Could you transcribe each entry below exactly, minus the images?

++++++++++

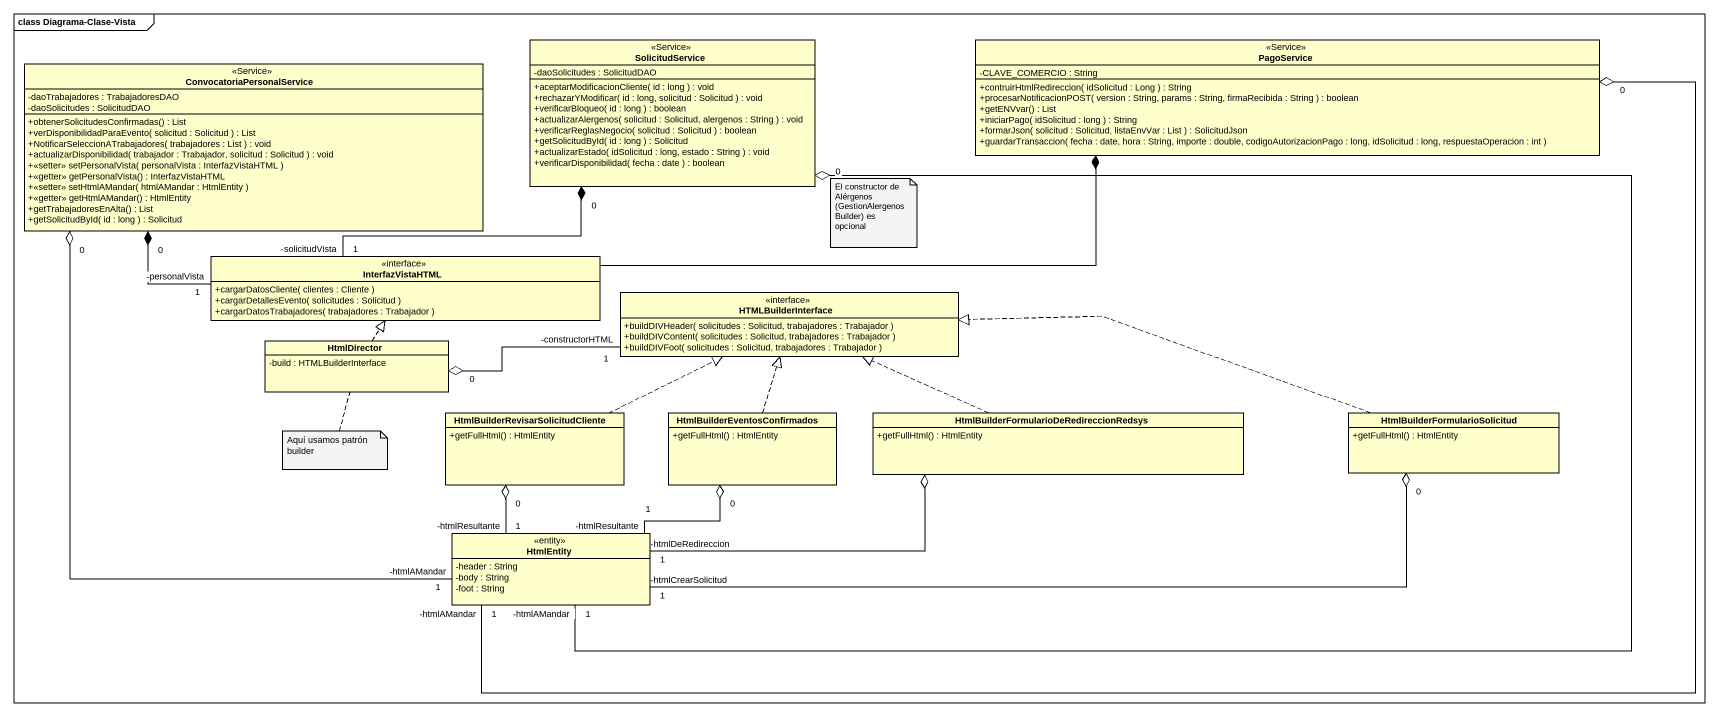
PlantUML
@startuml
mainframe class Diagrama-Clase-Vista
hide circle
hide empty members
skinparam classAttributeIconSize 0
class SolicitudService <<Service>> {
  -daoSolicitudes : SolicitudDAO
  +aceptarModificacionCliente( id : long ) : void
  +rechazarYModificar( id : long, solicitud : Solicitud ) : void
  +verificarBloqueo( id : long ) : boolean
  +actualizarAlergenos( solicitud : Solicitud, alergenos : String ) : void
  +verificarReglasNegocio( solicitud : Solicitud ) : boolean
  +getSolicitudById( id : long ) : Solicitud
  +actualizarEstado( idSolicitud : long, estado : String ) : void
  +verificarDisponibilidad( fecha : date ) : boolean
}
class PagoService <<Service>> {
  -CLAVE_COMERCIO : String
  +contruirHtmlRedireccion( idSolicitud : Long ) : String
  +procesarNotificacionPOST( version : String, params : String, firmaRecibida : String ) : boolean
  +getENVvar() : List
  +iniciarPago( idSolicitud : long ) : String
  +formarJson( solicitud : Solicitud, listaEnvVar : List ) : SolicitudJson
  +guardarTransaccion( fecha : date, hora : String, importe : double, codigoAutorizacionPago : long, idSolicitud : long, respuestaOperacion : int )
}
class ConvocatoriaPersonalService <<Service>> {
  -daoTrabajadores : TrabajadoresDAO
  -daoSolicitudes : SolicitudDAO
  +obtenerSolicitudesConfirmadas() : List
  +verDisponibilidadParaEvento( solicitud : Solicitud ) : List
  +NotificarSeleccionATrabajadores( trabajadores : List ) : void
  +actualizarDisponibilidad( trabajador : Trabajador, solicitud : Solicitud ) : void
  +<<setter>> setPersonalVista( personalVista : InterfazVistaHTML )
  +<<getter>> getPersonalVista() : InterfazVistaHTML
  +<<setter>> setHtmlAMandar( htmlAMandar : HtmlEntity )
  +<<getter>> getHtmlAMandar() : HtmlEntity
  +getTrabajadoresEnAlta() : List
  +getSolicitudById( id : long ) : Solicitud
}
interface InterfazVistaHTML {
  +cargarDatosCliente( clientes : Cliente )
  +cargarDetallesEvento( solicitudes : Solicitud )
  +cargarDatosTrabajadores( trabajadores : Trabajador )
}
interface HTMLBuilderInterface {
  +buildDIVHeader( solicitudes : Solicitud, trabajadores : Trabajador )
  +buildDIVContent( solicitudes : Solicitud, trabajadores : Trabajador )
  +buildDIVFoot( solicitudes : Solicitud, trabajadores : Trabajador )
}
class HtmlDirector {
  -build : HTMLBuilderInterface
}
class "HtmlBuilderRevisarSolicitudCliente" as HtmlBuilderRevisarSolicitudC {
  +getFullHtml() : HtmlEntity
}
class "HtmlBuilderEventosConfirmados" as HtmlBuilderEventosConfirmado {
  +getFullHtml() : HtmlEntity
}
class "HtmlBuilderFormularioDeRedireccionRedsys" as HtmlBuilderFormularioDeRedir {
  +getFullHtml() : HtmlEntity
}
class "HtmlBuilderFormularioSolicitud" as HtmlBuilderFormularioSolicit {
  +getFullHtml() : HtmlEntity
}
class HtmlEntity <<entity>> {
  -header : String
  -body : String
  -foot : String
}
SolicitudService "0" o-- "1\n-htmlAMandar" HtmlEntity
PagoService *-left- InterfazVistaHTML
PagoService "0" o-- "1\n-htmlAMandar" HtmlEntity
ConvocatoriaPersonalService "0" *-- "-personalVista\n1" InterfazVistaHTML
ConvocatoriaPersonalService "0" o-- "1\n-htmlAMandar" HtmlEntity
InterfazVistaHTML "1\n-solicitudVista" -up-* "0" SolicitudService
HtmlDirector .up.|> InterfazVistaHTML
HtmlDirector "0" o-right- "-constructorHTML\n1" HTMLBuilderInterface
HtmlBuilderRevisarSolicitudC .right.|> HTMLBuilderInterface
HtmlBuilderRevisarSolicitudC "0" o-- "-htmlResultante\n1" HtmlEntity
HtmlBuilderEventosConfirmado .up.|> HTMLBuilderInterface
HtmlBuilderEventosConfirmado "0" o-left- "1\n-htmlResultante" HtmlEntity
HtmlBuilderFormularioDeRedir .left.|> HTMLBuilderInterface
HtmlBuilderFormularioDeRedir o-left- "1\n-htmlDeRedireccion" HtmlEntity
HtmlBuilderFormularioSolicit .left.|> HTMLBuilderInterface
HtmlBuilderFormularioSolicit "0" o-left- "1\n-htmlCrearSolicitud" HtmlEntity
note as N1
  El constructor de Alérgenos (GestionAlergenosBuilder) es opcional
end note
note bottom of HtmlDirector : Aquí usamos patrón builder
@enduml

++++++++++

Result for this task ▸
PlantUML
@startuml
mainframe class Diagrama-Clase-Vista
hide circle
hide empty members
skinparam classAttributeIconSize 0
class SolicitudService <<Service>> {
  -daoSolicitudes : SolicitudDAO
  +aceptarModificacionCliente( id : long ) : void
  +rechazarYModificar( id : long, solicitud : Solicitud ) : void
  +verificarBloqueo( id : long ) : boolean
  +actualizarAlergenos( solicitud : Solicitud, alergenos : String ) : void
  +verificarReglasNegocio( solicitud : Solicitud ) : boolean
  +getSolicitudById( id : long ) : Solicitud
  +actualizarEstado( idSolicitud : long, estado : String ) : void
  +verificarDisponibilidad( fecha : date ) : boolean
}
class PagoService <<Service>> {
  -CLAVE_COMERCIO : String
  +contruirHtmlRedireccion( idSolicitud : Long ) : String
  +procesarNotificacionPOST( version : String, params : String, firmaRecibida : String ) : boolean
  +getENVvar() : List
  +iniciarPago( idSolicitud : long ) : String
  +formarJson( solicitud : Solicitud, listaEnvVar : List ) : SolicitudJson
  +guardarTransaccion( fecha : date, hora : String, importe : double, codigoAutorizacionPago : long, idSolicitud : long, respuestaOperacion : int )
}
class ConvocatoriaPersonalService <<Service>> {
  -daoTrabajadores : TrabajadoresDAO
  -daoSolicitudes : SolicitudDAO
  +obtenerSolicitudesConfirmadas() : List
  +verDisponibilidadParaEvento( solicitud : Solicitud ) : List
  +NotificarSeleccionATrabajadores( trabajadores : List ) : void
  +actualizarDisponibilidad( trabajador : Trabajador, solicitud : Solicitud ) : void
  +<<setter>> setPersonalVista( personalVista : InterfazVistaHTML )
  +<<getter>> getPersonalVista() : InterfazVistaHTML
  +<<setter>> setHtmlAMandar( htmlAMandar : HtmlEntity )
  +<<getter>> getHtmlAMandar() : HtmlEntity
  +getTrabajadoresEnAlta() : List
  +getSolicitudById( id : long ) : Solicitud
}
interface InterfazVistaHTML {
  +cargarDatosCliente( clientes : Cliente )
  +cargarDetallesEvento( solicitudes : Solicitud )
  +cargarDatosTrabajadores( trabajadores : Trabajador )
}
interface HTMLBuilderInterface {
  +buildDIVHeader( solicitudes : Solicitud, trabajadores : Trabajador )
  +buildDIVContent( solicitudes : Solicitud, trabajadores : Trabajador )
  +buildDIVFoot( solicitudes : Solicitud, trabajadores : Trabajador )
}
class HtmlDirector {
  -build : HTMLBuilderInterface
}
class "HtmlBuilderRevisarSolicitudCliente" as HtmlBuilderRevisarSolicitudC {
  +getFullHtml() : HtmlEntity
}
class "HtmlBuilderEventosConfirmados" as HtmlBuilderEventosConfirmado {
  +getFullHtml() : HtmlEntity
}
class "HtmlBuilderFormularioDeRedireccionRedsys" as HtmlBuilderFormularioDeRedir {
  +getFullHtml() : HtmlEntity
}
class "HtmlBuilderFormularioSolicitud" as HtmlBuilderFormularioSolicit {
  +getFullHtml() : HtmlEntity
}
class HtmlEntity <<entity>> {
  -header : String
  -body : String
  -foot : String
}
SolicitudService "0" o-- "1\n-htmlAMandar" HtmlEntity
PagoService *-left- InterfazVistaHTML
PagoService "0" o-- "1\n-htmlAMandar" HtmlEntity
ConvocatoriaPersonalService "0" *-- "-personalVista\n1" InterfazVistaHTML
ConvocatoriaPersonalService "0" o-- "1\n-htmlAMandar" HtmlEntity
InterfazVistaHTML "1\n-solicitudVista" -up-* "0" SolicitudService
HtmlDirector .up.|> InterfazVistaHTML
HtmlDirector "0" o-right- "-constructorHTML\n1" HTMLBuilderInterface
HtmlBuilderRevisarSolicitudC .right.|> HTMLBuilderInterface
HtmlBuilderRevisarSolicitudC "0" o-- "-htmlResultante\n1" HtmlEntity
HtmlBuilderEventosConfirmado .up.|> HTMLBuilderInterface
HtmlBuilderEventosConfirmado "0" o-left- "1\n-htmlResultante" HtmlEntity
HtmlBuilderFormularioDeRedir .left.|> HTMLBuilderInterface
HtmlBuilderFormularioDeRedir o-left- "1\n-htmlDeRedireccion" HtmlEntity
HtmlBuilderFormularioSolicit .left.|> HTMLBuilderInterface
HtmlBuilderFormularioSolicit "0" o-left- "1\n-htmlCrearSolicitud" HtmlEntity
note as N1
  El constructor de Alérgenos (GestionAlergenosBuilder) es opcional
end note
note bottom of HtmlDirector : Aquí usamos patrón builder
@enduml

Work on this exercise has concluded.